Becoming a "data recovery professional" is a journey, just like any other domain.
If you have the know-how, experience and good tools, then you can offer a professional service.

In terms of hiring, most smaller data recovery companies look for people who have hands-on experience with mechanical work, electronics/electrical work, along with specialized knowledge on popular tools used in the industry. Or at least have high aptitude in those areas and is willing to start on the lower side of the salary. Knowledge in the forensic area is more of a bonus.
Obviously, it is tougher to find job openings nowadays, as not that many positions are available, especially given the economic recession and health issues we are dealing with.

Since there is always an issue with finding positions, it is precisely the reason why people start their own data recovery business.

In terms of hiring by hard drive manufacturers or very larger data recovery companies, they often develop people, because the focus is more on low salary, rather than highly knowledgeable people who demand a respectable salary. So, this seems to not be a good fit for you, as you likely fall in this category.

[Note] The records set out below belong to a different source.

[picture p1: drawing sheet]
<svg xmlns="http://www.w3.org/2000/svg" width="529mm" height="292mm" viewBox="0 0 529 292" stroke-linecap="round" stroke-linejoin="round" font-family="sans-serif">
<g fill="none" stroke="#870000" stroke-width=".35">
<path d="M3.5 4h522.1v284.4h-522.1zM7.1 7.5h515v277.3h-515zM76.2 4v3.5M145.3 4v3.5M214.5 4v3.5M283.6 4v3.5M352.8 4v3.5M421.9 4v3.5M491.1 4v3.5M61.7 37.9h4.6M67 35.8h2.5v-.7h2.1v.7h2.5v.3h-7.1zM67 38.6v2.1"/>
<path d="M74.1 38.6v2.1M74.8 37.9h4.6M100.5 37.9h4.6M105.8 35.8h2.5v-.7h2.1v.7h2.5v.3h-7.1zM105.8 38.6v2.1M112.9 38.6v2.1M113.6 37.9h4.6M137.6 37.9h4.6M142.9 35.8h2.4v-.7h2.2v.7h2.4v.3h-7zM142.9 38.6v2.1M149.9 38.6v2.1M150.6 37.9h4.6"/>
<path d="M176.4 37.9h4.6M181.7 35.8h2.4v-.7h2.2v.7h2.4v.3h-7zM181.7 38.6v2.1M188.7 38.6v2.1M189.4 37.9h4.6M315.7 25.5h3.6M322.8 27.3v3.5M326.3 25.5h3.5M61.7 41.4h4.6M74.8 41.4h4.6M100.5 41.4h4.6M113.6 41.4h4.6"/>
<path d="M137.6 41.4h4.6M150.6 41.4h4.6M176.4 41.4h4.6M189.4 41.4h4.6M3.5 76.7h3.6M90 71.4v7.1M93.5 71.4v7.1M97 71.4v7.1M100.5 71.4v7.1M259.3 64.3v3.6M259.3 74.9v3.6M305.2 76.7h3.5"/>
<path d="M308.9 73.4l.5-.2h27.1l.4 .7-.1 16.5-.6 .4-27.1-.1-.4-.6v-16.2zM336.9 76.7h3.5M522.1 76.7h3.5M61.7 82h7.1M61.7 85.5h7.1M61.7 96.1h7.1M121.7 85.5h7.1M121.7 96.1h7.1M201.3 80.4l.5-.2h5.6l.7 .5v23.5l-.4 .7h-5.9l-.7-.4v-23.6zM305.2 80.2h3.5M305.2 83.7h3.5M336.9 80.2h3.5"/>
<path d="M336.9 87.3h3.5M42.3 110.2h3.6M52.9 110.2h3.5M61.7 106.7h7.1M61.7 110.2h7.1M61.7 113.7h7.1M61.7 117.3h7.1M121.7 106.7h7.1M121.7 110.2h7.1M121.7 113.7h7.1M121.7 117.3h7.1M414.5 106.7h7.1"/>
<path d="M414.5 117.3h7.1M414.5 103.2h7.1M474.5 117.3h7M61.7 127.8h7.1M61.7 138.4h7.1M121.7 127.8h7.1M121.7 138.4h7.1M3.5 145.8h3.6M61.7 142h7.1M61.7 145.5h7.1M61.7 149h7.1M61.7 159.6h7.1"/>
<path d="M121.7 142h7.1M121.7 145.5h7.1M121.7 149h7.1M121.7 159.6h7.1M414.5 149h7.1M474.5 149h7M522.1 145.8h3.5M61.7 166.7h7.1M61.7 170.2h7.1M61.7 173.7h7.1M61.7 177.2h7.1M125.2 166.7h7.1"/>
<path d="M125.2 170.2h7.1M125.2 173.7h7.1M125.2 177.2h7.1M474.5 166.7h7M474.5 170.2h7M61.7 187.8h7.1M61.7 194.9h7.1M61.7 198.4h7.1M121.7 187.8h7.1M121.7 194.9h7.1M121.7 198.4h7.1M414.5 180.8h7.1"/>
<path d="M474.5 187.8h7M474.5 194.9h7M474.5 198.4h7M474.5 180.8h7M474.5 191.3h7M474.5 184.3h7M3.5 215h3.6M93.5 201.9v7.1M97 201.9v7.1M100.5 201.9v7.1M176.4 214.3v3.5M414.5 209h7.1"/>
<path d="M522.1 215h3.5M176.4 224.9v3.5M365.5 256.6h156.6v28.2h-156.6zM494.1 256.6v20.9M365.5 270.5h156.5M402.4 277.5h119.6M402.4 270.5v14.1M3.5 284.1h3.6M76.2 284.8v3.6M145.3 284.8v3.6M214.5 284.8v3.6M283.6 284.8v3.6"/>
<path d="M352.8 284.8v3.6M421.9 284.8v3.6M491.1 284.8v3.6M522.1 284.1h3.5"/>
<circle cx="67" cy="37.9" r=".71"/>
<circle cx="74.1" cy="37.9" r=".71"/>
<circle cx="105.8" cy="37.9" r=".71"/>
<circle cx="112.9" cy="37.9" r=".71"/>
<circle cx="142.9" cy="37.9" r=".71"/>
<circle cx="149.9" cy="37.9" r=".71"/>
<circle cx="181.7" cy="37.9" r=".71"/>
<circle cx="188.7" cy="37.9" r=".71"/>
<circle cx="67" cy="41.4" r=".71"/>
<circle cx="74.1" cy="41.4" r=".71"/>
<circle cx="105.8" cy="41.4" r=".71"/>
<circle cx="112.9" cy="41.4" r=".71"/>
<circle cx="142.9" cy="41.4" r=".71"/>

If you want to get in this field and money is not an issue, then the best thing to do is start practicing on damaged drives with investment in some free or lower cost tools in the beginning.
If it is something you like doing, then consider investing in more advanced tools and training to accelerate your knowledge. Ace Labs training is the best all-around choice, but it is recommended to be ready to commit in buying their tools if you take the training. Without the tools, you forget what you were taught during training.

Also, if you strongly want to work for a smaller data recovery company, then work for free for a while. If your skills will be worth investing in, then the company will hire you for the long-term. Otherwise, the only other way is to start your own business.

Overall, this industry does not have a very bright future. The technology is getting increasingly more complex, therefore more difficult and expensive to recover the files. Furthermore, people are getting poorer and poorer, thus difficult to justify their investment in recovering their files. This directly impacts jobs and many companies are trying to stay profitable by replace higher paid employees with lower wage employees, or simply fire/layoff people. So, not really sure it is worth pursuing a career in it.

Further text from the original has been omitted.